Define the adversary
External user, insider, 供應鏈? What access level maps to reality?
Enumerate attack vectors
Given the access level, what attacks are feasible? Use the tables above as a starting point.
評估 impact
對每個 attack vector, what is the worst-case outcome? Data leakage, unauthorized actions, reputational damage?
Prioritize
Rank vectors by feasibility x impact.
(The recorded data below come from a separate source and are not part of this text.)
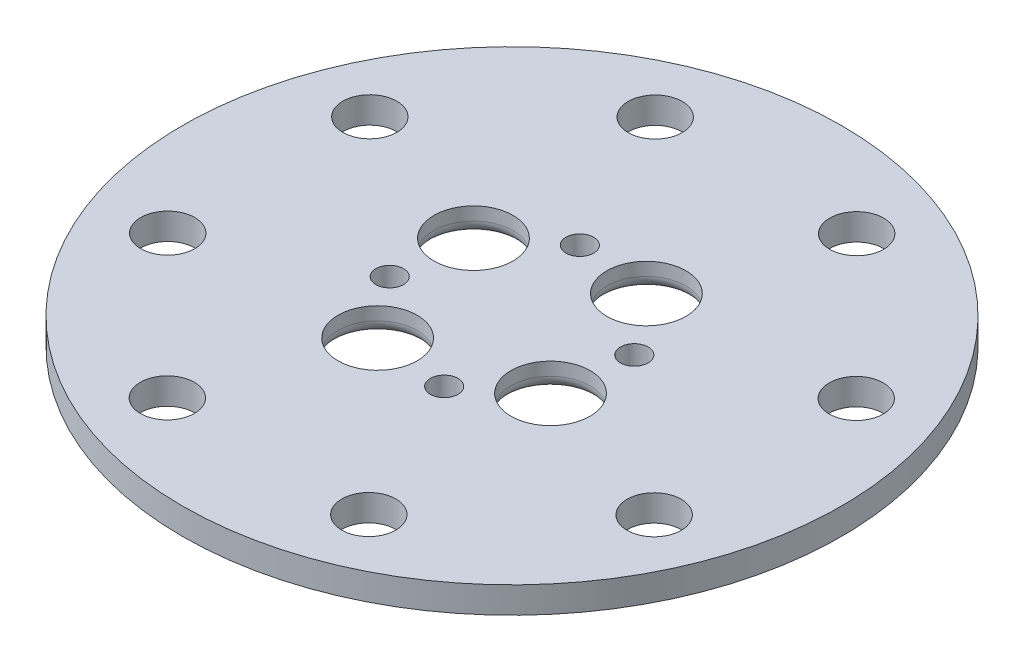
ISO-10303-21;
HEADER;
FILE_DESCRIPTION(('STEP AP214'),'2;1');
FILE_NAME('part.step','',(''),(''),'','','');
FILE_SCHEMA(('AUTOMOTIVE_DESIGN { 1 0 10303 214 1 1 1 1 }'));
ENDSEC;
DATA;
#1=APPLICATION_CONTEXT('core data for automotive mechanical design processes');
#2=APPLICATION_PROTOCOL_DEFINITION('international standard','automotive_design',2000,#1);
#3=PRODUCT_CONTEXT('',#1,'mechanical');
#4=PRODUCT('Part','Part','',(#3));
#5=PRODUCT_RELATED_PRODUCT_CATEGORY('part','',(#4));
#6=PRODUCT_DEFINITION_FORMATION('','',#4);
#7=PRODUCT_DEFINITION_CONTEXT('part definition',#1,'design');
#8=PRODUCT_DEFINITION('design','',#6,#7);
#9=PRODUCT_DEFINITION_SHAPE('','',#8);
#10=(LENGTH_UNIT() NAMED_UNIT(*) SI_UNIT(.MILLI.,.METRE.));
#11=(NAMED_UNIT(*) PLANE_ANGLE_UNIT() SI_UNIT($,.RADIAN.));
#12=(NAMED_UNIT(*) SI_UNIT($,.STERADIAN.) SOLID_ANGLE_UNIT());
#13=UNCERTAINTY_MEASURE_WITH_UNIT(LENGTH_MEASURE(1.E-05),#10,'distance_accuracy_value','');
#14=(GEOMETRIC_REPRESENTATION_CONTEXT(3) GLOBAL_UNCERTAINTY_ASSIGNED_CONTEXT((#13)) GLOBAL_UNIT_ASSIGNED_CONTEXT((#10,
#11,#12)) REPRESENTATION_CONTEXT('',''));
#15=CARTESIAN_POINT('',(0.,0.,0.));
#16=DIRECTION('',(0.,0.,1.));
#17=DIRECTION('',(1.,0.,0.));
#18=AXIS2_PLACEMENT_3D('',#15,#16,#17);
#19=CARTESIAN_POINT('',(0.,2.,0.));
#20=DIRECTION('',(0.,-1.,0.));
#21=DIRECTION('',(0.,0.,-1.));
#22=AXIS2_PLACEMENT_3D('',#19,#20,#21);
#23=CYLINDRICAL_SURFACE('',#22,25.);
#24=CARTESIAN_POINT('',(0.,2.,0.));
#25=DIRECTION('',(0.,1.,0.));
#26=DIRECTION('',(0.,0.,1.));
#27=AXIS2_PLACEMENT_3D('',#24,#25,#26);
#28=CIRCLE('',#27,25.);
#29=CARTESIAN_POINT('',(0.,2.,25.));
#30=VERTEX_POINT('',#29);
#31=EDGE_CURVE('E76',#30,#30,#28,.T.);
#32=ORIENTED_EDGE('',*,*,#31,.F.);
#33=EDGE_LOOP('',(#32));
#34=FACE_BOUND('',#33,.T.);
#35=CARTESIAN_POINT('',(0.,0.,0.));
#36=DIRECTION('',(0.,1.,0.));
#37=DIRECTION('',(0.,0.,1.));
#38=AXIS2_PLACEMENT_3D('',#35,#36,#37);
#39=CIRCLE('',#38,25.);
#40=CARTESIAN_POINT('',(0.,0.,25.));
#41=VERTEX_POINT('',#40);
#42=EDGE_CURVE('E77',#41,#41,#39,.T.);
#43=ORIENTED_EDGE('',*,*,#42,.T.);
#44=EDGE_LOOP('',(#43));
#45=FACE_BOUND('',#44,.T.);
#46=ADVANCED_FACE('F36',(#34,#45),#23,.T.);
#47=CARTESIAN_POINT('',(0.,2.,0.));
#48=DIRECTION('',(0.,1.,0.));
#49=DIRECTION('',(0.,0.,1.));
#50=AXIS2_PLACEMENT_3D('',#47,#48,#49);
#51=PLANE('',#50);
#52=CARTESIAN_POINT('',(-7.68064256948644,2.,18.4663946053315));
#53=DIRECTION('',(0.,-1.,0.));
#54=DIRECTION('',(0.,0.,-1.));
#55=AXIS2_PLACEMENT_3D('',#52,#53,#54);
#56=CIRCLE('',#55,2.05);
#57=CARTESIAN_POINT('',(-7.68064256948644,2.,16.4163946053315));
#58=VERTEX_POINT('',#57);
#59=EDGE_CURVE('E137',#58,#58,#56,.T.);
#60=ORIENTED_EDGE('',*,*,#59,.T.);
#61=EDGE_LOOP('',(#60));
#62=FACE_BOUND('',#61,.T.);
#63=CARTESIAN_POINT('',(7.62667840474221,2.,18.488747294251));
#64=DIRECTION('',(0.,-1.,0.));
#65=DIRECTION('',(0.,0.,-1.));
#66=AXIS2_PLACEMENT_3D('',#63,#64,#65);
#67=CIRCLE('',#66,2.05);
#68=CARTESIAN_POINT('',(7.62667840474221,2.,16.438747294251));
#69=VERTEX_POINT('',#68);
#70=EDGE_CURVE('E162',#69,#69,#67,.T.);
#71=ORIENTED_EDGE('',*,*,#70,.T.);
#72=EDGE_LOOP('',(#71));
#73=FACE_BOUND('',#72,.T.);
#74=CARTESIAN_POINT('',(18.4663946053311,2.,7.68064256948754));
#75=DIRECTION('',(0.,-1.,0.));
#76=DIRECTION('',(0.,0.,-1.));
#77=AXIS2_PLACEMENT_3D('',#74,#75,#76);
#78=CIRCLE('',#77,2.05);
#79=CARTESIAN_POINT('',(18.4663946053311,2.,5.63064256948754));
#80=VERTEX_POINT('',#79);
#81=EDGE_CURVE('E154',#80,#80,#78,.T.);
#82=ORIENTED_EDGE('',*,*,#81,.T.);
#83=EDGE_LOOP('',(#82));
#84=FACE_BOUND('',#83,.T.);
#85=CARTESIAN_POINT('',(18.4887472942505,2.,-7.62667840474111));
#86=DIRECTION('',(0.,-1.,0.));
#87=DIRECTION('',(0.,0.,-1.));
#88=AXIS2_PLACEMENT_3D('',#85,#86,#87);
#89=CIRCLE('',#88,2.05);
#90=CARTESIAN_POINT('',(18.4887472942505,2.,-9.67667840474111));
#91=VERTEX_POINT('',#90);
#92=EDGE_CURVE('E145',#91,#91,#89,.T.);
#93=ORIENTED_EDGE('',*,*,#92,.T.);
#94=EDGE_LOOP('',(#93));
#95=FACE_BOUND('',#94,.T.);
#96=CARTESIAN_POINT('',(7.6806425694871,2.,-18.46639460533));
#97=DIRECTION('',(0.,-1.,0.));
#98=DIRECTION('',(0.,0.,-1.));
#99=AXIS2_PLACEMENT_3D('',#96,#97,#98);
#100=CIRCLE('',#99,2.05);
#101=CARTESIAN_POINT('',(7.6806425694871,2.,-20.51639460533));
#102=VERTEX_POINT('',#101);
#103=EDGE_CURVE('E146',#102,#102,#100,.T.);
#104=ORIENTED_EDGE('',*,*,#103,.T.);
#105=EDGE_LOOP('',(#104));
#106=FACE_BOUND('',#105,.T.);
#107=CARTESIAN_POINT('',(-7.62667840474155,2.,-18.4887472942494));
#108=DIRECTION('',(0.,-1.,0.));
#109=DIRECTION('',(0.,0.,-1.));
#110=AXIS2_PLACEMENT_3D('',#107,#108,#109);
#111=CIRCLE('',#110,2.05);
#112=CARTESIAN_POINT('',(-7.62667840474155,2.,-20.5387472942494));
#113=VERTEX_POINT('',#112);
#114=EDGE_CURVE('E185',#113,#113,#111,.T.);
#115=ORIENTED_EDGE('',*,*,#114,.T.);
#116=EDGE_LOOP('',(#115));
#117=FACE_BOUND('',#116,.T.);
#118=CARTESIAN_POINT('',(-18.4663946053304,2.,-7.68064256948599));
#119=DIRECTION('',(0.,-1.,0.));
#120=DIRECTION('',(0.,0.,-1.));
#121=AXIS2_PLACEMENT_3D('',#118,#119,#120);
#122=CIRCLE('',#121,2.05);
#123=CARTESIAN_POINT('',(-18.4663946053304,2.,-9.73064256948599));
#124=VERTEX_POINT('',#123);
#125=EDGE_CURVE('E177',#124,#124,#122,.T.);
#126=ORIENTED_EDGE('',*,*,#125,.T.);
#127=EDGE_LOOP('',(#126));
#128=FACE_BOUND('',#127,.T.);
#129=CARTESIAN_POINT('',(-18.4887472942499,2.,7.62667840474266));
#130=DIRECTION('',(0.,-1.,0.));
#131=DIRECTION('',(0.,0.,-1.));
#132=AXIS2_PLACEMENT_3D('',#129,#130,#131);
#133=CIRCLE('',#132,2.05);
#134=CARTESIAN_POINT('',(-18.4887472942499,2.,5.57667840474266));
#135=VERTEX_POINT('',#134);
#136=EDGE_CURVE('E126',#135,#135,#133,.T.);
#137=ORIENTED_EDGE('',*,*,#136,.T.);
#138=EDGE_LOOP('',(#137));
#139=FACE_BOUND('',#138,.T.);
#140=CARTESIAN_POINT('',(-7.20972393812874,2.,2.06636897382066));
#141=DIRECTION('',(0.,1.,0.));
#142=DIRECTION('',(0.,0.,1.));
#143=AXIS2_PLACEMENT_3D('',#140,#141,#142);
#144=CIRCLE('',#143,1.05);
#145=CARTESIAN_POINT('',(-7.20972393812874,2.,3.11636897382066));
#146=VERTEX_POINT('',#145);
#147=EDGE_CURVE('E105',#146,#146,#144,.T.);
#148=ORIENTED_EDGE('',*,*,#147,.F.);
#149=EDGE_LOOP('',(#148));
#150=FACE_BOUND('',#149,.T.);
#151=CARTESIAN_POINT('',(2.06636897382105,2.,7.20972393812896));
#152=DIRECTION('',(0.,1.,0.));
#153=DIRECTION('',(0.,0.,1.));
#154=AXIS2_PLACEMENT_3D('',#151,#152,#153);
#155=CIRCLE('',#154,1.05);
#156=CARTESIAN_POINT('',(2.06636897382105,2.,8.25972393812896));
#157=VERTEX_POINT('',#156);
#158=EDGE_CURVE('E114',#157,#157,#155,.T.);
#159=ORIENTED_EDGE('',*,*,#158,.F.);
#160=EDGE_LOOP('',(#159));
#161=FACE_BOUND('',#160,.T.);
#162=CARTESIAN_POINT('',(7.20972393812935,2.,-2.06636897382083));
#163=DIRECTION('',(0.,1.,0.));
#164=DIRECTION('',(0.,0.,1.));
#165=AXIS2_PLACEMENT_3D('',#162,#163,#164);
#166=CIRCLE('',#165,1.05);
#167=CARTESIAN_POINT('',(7.20972393812935,2.,-1.01636897382083));
#168=VERTEX_POINT('',#167);
#169=EDGE_CURVE('E93',#168,#168,#166,.T.);
#170=ORIENTED_EDGE('',*,*,#169,.F.);
#171=EDGE_LOOP('',(#170));
#172=FACE_BOUND('',#171,.T.);
#173=CARTESIAN_POINT('',(-3.63690117331162,2.,6.55918820095631));
#174=DIRECTION('',(0.,1.,0.));
#175=DIRECTION('',(0.,0.,1.));
#176=AXIS2_PLACEMENT_3D('',#173,#174,#175);
#177=CIRCLE('',#176,3.);
#178=CARTESIAN_POINT('',(-3.63690117331162,2.,9.55918820095631));
#179=VERTEX_POINT('',#178);
#180=EDGE_CURVE('E89',#179,#179,#177,.T.);
#181=ORIENTED_EDGE('',*,*,#180,.F.);
#182=EDGE_LOOP('',(#181));
#183=FACE_BOUND('',#182,.T.);
#184=CARTESIAN_POINT('',(-6.5591882009563,2.,-3.63690117331165));
#185=DIRECTION('',(0.,1.,0.));
#186=DIRECTION('',(0.,0.,1.));
#187=AXIS2_PLACEMENT_3D('',#184,#185,#186);
#188=CIRCLE('',#187,3.);
#189=CARTESIAN_POINT('',(-6.5591882009563,2.,-0.636901173311649));
#190=VERTEX_POINT('',#189);
#191=EDGE_CURVE('E110',#190,#190,#188,.T.);
#192=ORIENTED_EDGE('',*,*,#191,.F.);
#193=EDGE_LOOP('',(#192));
#194=FACE_BOUND('',#193,.T.);
#195=CARTESIAN_POINT('',(3.63690117331167,2.,-6.55918820095629));
#196=DIRECTION('',(0.,1.,0.));
#197=DIRECTION('',(0.,0.,1.));
#198=AXIS2_PLACEMENT_3D('',#195,#196,#197);
#199=CIRCLE('',#198,3.);
#200=CARTESIAN_POINT('',(3.63690117331167,2.,-3.55918820095629));
#201=VERTEX_POINT('',#200);
#202=EDGE_CURVE('E125',#201,#201,#199,.T.);
#203=ORIENTED_EDGE('',*,*,#202,.F.);
#204=EDGE_LOOP('',(#203));
#205=FACE_BOUND('',#204,.T.);
#206=CARTESIAN_POINT('',(6.55918820095628,2.,3.63690117331169));
#207=DIRECTION('',(0.,1.,0.));
#208=DIRECTION('',(0.,0.,1.));
#209=AXIS2_PLACEMENT_3D('',#206,#207,#208);
#210=CIRCLE('',#209,3.);
#211=CARTESIAN_POINT('',(6.55918820095628,2.,6.63690117331169));
#212=VERTEX_POINT('',#211);
#213=EDGE_CURVE('E121',#212,#212,#210,.T.);
#214=ORIENTED_EDGE('',*,*,#213,.F.);
#215=EDGE_LOOP('',(#214));
#216=FACE_BOUND('',#215,.T.);
#217=CARTESIAN_POINT('',(-2.06636897382044,2.,-7.20972393812913));
#218=DIRECTION('',(0.,1.,0.));
#219=DIRECTION('',(0.,0.,1.));
#220=AXIS2_PLACEMENT_3D('',#217,#218,#219);
#221=CIRCLE('',#220,1.05);
#222=CARTESIAN_POINT('',(-2.06636897382044,2.,-6.15972393812913));
#223=VERTEX_POINT('',#222);
#224=EDGE_CURVE('E85',#223,#223,#221,.T.);
#225=ORIENTED_EDGE('',*,*,#224,.F.);
#226=EDGE_LOOP('',(#225));
#227=FACE_BOUND('',#226,.T.);
#228=ORIENTED_EDGE('',*,*,#31,.T.);
#229=EDGE_LOOP('',(#228));
#230=FACE_BOUND('',#229,.T.);
#231=ADVANCED_FACE('F197',(#62,#73,#84,#95,#106,#117,#128,#139,#150,#161,#172,#183,#194,#205,
#216,#227,#230),#51,.T.);
#232=CARTESIAN_POINT('',(0.,0.,0.));
#233=DIRECTION('',(0.,1.,0.));
#234=DIRECTION('',(0.,0.,1.));
#235=AXIS2_PLACEMENT_3D('',#232,#233,#234);
#236=PLANE('',#235);
#237=CARTESIAN_POINT('',(-7.68064256948644,0.,18.4663946053315));
#238=DIRECTION('',(0.,-1.,0.));
#239=DIRECTION('',(0.,0.,-1.));
#240=AXIS2_PLACEMENT_3D('',#237,#238,#239);
#241=CIRCLE('',#240,2.05);
#242=CARTESIAN_POINT('',(-7.68064256948644,0.,16.4163946053315));
#243=VERTEX_POINT('',#242);
#244=EDGE_CURVE('E166',#243,#243,#241,.T.);
#245=ORIENTED_EDGE('',*,*,#244,.F.);
#246=EDGE_LOOP('',(#245));
#247=FACE_BOUND('',#246,.T.);
#248=CARTESIAN_POINT('',(7.62667840474221,0.,18.488747294251));
#249=DIRECTION('',(0.,-1.,0.));
#250=DIRECTION('',(0.,0.,-1.));
#251=AXIS2_PLACEMENT_3D('',#248,#249,#250);
#252=CIRCLE('',#251,2.05);
#253=CARTESIAN_POINT('',(7.62667840474221,0.,16.438747294251));
#254=VERTEX_POINT('',#253);
#255=EDGE_CURVE('E158',#254,#254,#252,.T.);
#256=ORIENTED_EDGE('',*,*,#255,.F.);
#257=EDGE_LOOP('',(#256));
#258=FACE_BOUND('',#257,.T.);
#259=CARTESIAN_POINT('',(18.4663946053311,0.,7.68064256948754));
#260=DIRECTION('',(0.,-1.,0.));
#261=DIRECTION('',(0.,0.,-1.));
#262=AXIS2_PLACEMENT_3D('',#259,#260,#261);
#263=CIRCLE('',#262,2.05);
#264=CARTESIAN_POINT('',(18.4663946053311,0.,5.63064256948754));
#265=VERTEX_POINT('',#264);
#266=EDGE_CURVE('E150',#265,#265,#263,.T.);
#267=ORIENTED_EDGE('',*,*,#266,.F.);
#268=EDGE_LOOP('',(#267));
#269=FACE_BOUND('',#268,.T.);
#270=CARTESIAN_POINT('',(18.4887472942505,0.,-7.62667840474111));
#271=DIRECTION('',(0.,-1.,0.));
#272=DIRECTION('',(0.,0.,-1.));
#273=AXIS2_PLACEMENT_3D('',#270,#271,#272);
#274=CIRCLE('',#273,2.05);
#275=CARTESIAN_POINT('',(18.4887472942505,0.,-9.67667840474111));
#276=VERTEX_POINT('',#275);
#277=EDGE_CURVE('E141',#276,#276,#274,.T.);
#278=ORIENTED_EDGE('',*,*,#277,.F.);
#279=EDGE_LOOP('',(#278));
#280=FACE_BOUND('',#279,.T.);
#281=CARTESIAN_POINT('',(7.6806425694871,0.,-18.46639460533));
#282=DIRECTION('',(0.,-1.,0.));
#283=DIRECTION('',(0.,0.,-1.));
#284=AXIS2_PLACEMENT_3D('',#281,#282,#283);
#285=CIRCLE('',#284,2.05);
#286=CARTESIAN_POINT('',(7.6806425694871,0.,-20.51639460533));
#287=VERTEX_POINT('',#286);
#288=EDGE_CURVE('E189',#287,#287,#285,.T.);
#289=ORIENTED_EDGE('',*,*,#288,.F.);
#290=EDGE_LOOP('',(#289));
#291=FACE_BOUND('',#290,.T.);
#292=CARTESIAN_POINT('',(-7.62667840474155,0.,-18.4887472942494));
#293=DIRECTION('',(0.,-1.,0.));
#294=DIRECTION('',(0.,0.,-1.));
#295=AXIS2_PLACEMENT_3D('',#292,#293,#294);
#296=CIRCLE('',#295,2.05);
#297=CARTESIAN_POINT('',(-7.62667840474155,0.,-20.5387472942494));
#298=VERTEX_POINT('',#297);
#299=EDGE_CURVE('E181',#298,#298,#296,.T.);
#300=ORIENTED_EDGE('',*,*,#299,.F.);
#301=EDGE_LOOP('',(#300));
#302=FACE_BOUND('',#301,.T.);
#303=CARTESIAN_POINT('',(-18.4663946053304,0.,-7.68064256948599));
#304=DIRECTION('',(0.,-1.,0.));
#305=DIRECTION('',(0.,0.,-1.));
#306=AXIS2_PLACEMENT_3D('',#303,#304,#305);
#307=CIRCLE('',#306,2.05);
#308=CARTESIAN_POINT('',(-18.4663946053304,0.,-9.73064256948599));
#309=VERTEX_POINT('',#308);
#310=EDGE_CURVE('E173',#309,#309,#307,.T.);
#311=ORIENTED_EDGE('',*,*,#310,.F.);
#312=EDGE_LOOP('',(#311));
#313=FACE_BOUND('',#312,.T.);
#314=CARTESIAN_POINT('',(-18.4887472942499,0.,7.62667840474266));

Focus 紅隊 effort on high-feasibility, high-impact scenarios.
Try It Yourself
相關主題
- 對抗性 ML: Core Concepts — the attack taxonomy that maps to each 威脅模型
- Gradient-Based 攻擊 Explained — white-box attacks in detail
- Common AI Deployment Patterns — deployment context shapes the 威脅模型
- Lab: Mapping an AI System's 攻擊 Surface — practical exercise in threat modeling
參考文獻
- "Threat Modeling: Designing for 安全" - Shostack, Adam (2014) - Foundational book introducing STRIDE and other threat modeling methodologies adapted for AI systems
- "NIST AI Risk Management Framework (AI RMF 1.0)" - NIST (2023) - Federal framework for identifying, assessing, and managing AI risks across different access and deployment contexts
- "MITRE ATLAS: 對抗性 Threat Landscape for AI Systems" - MITRE (2025) - Threat matrix cataloging 對抗性 techniques against ML systems organized by access level and attack stage
- "OWASP Top 10 for LLM Applications" - OWASP (2025) - Industry-standard risk classification that maps to different 威脅模型 scenarios for LLM-based applications
A company deploys GPT-4 via API as a customer support chatbot. An external 攻擊者 wants to extract customer data through the chat interface. Which 威脅模型 is most appropriate?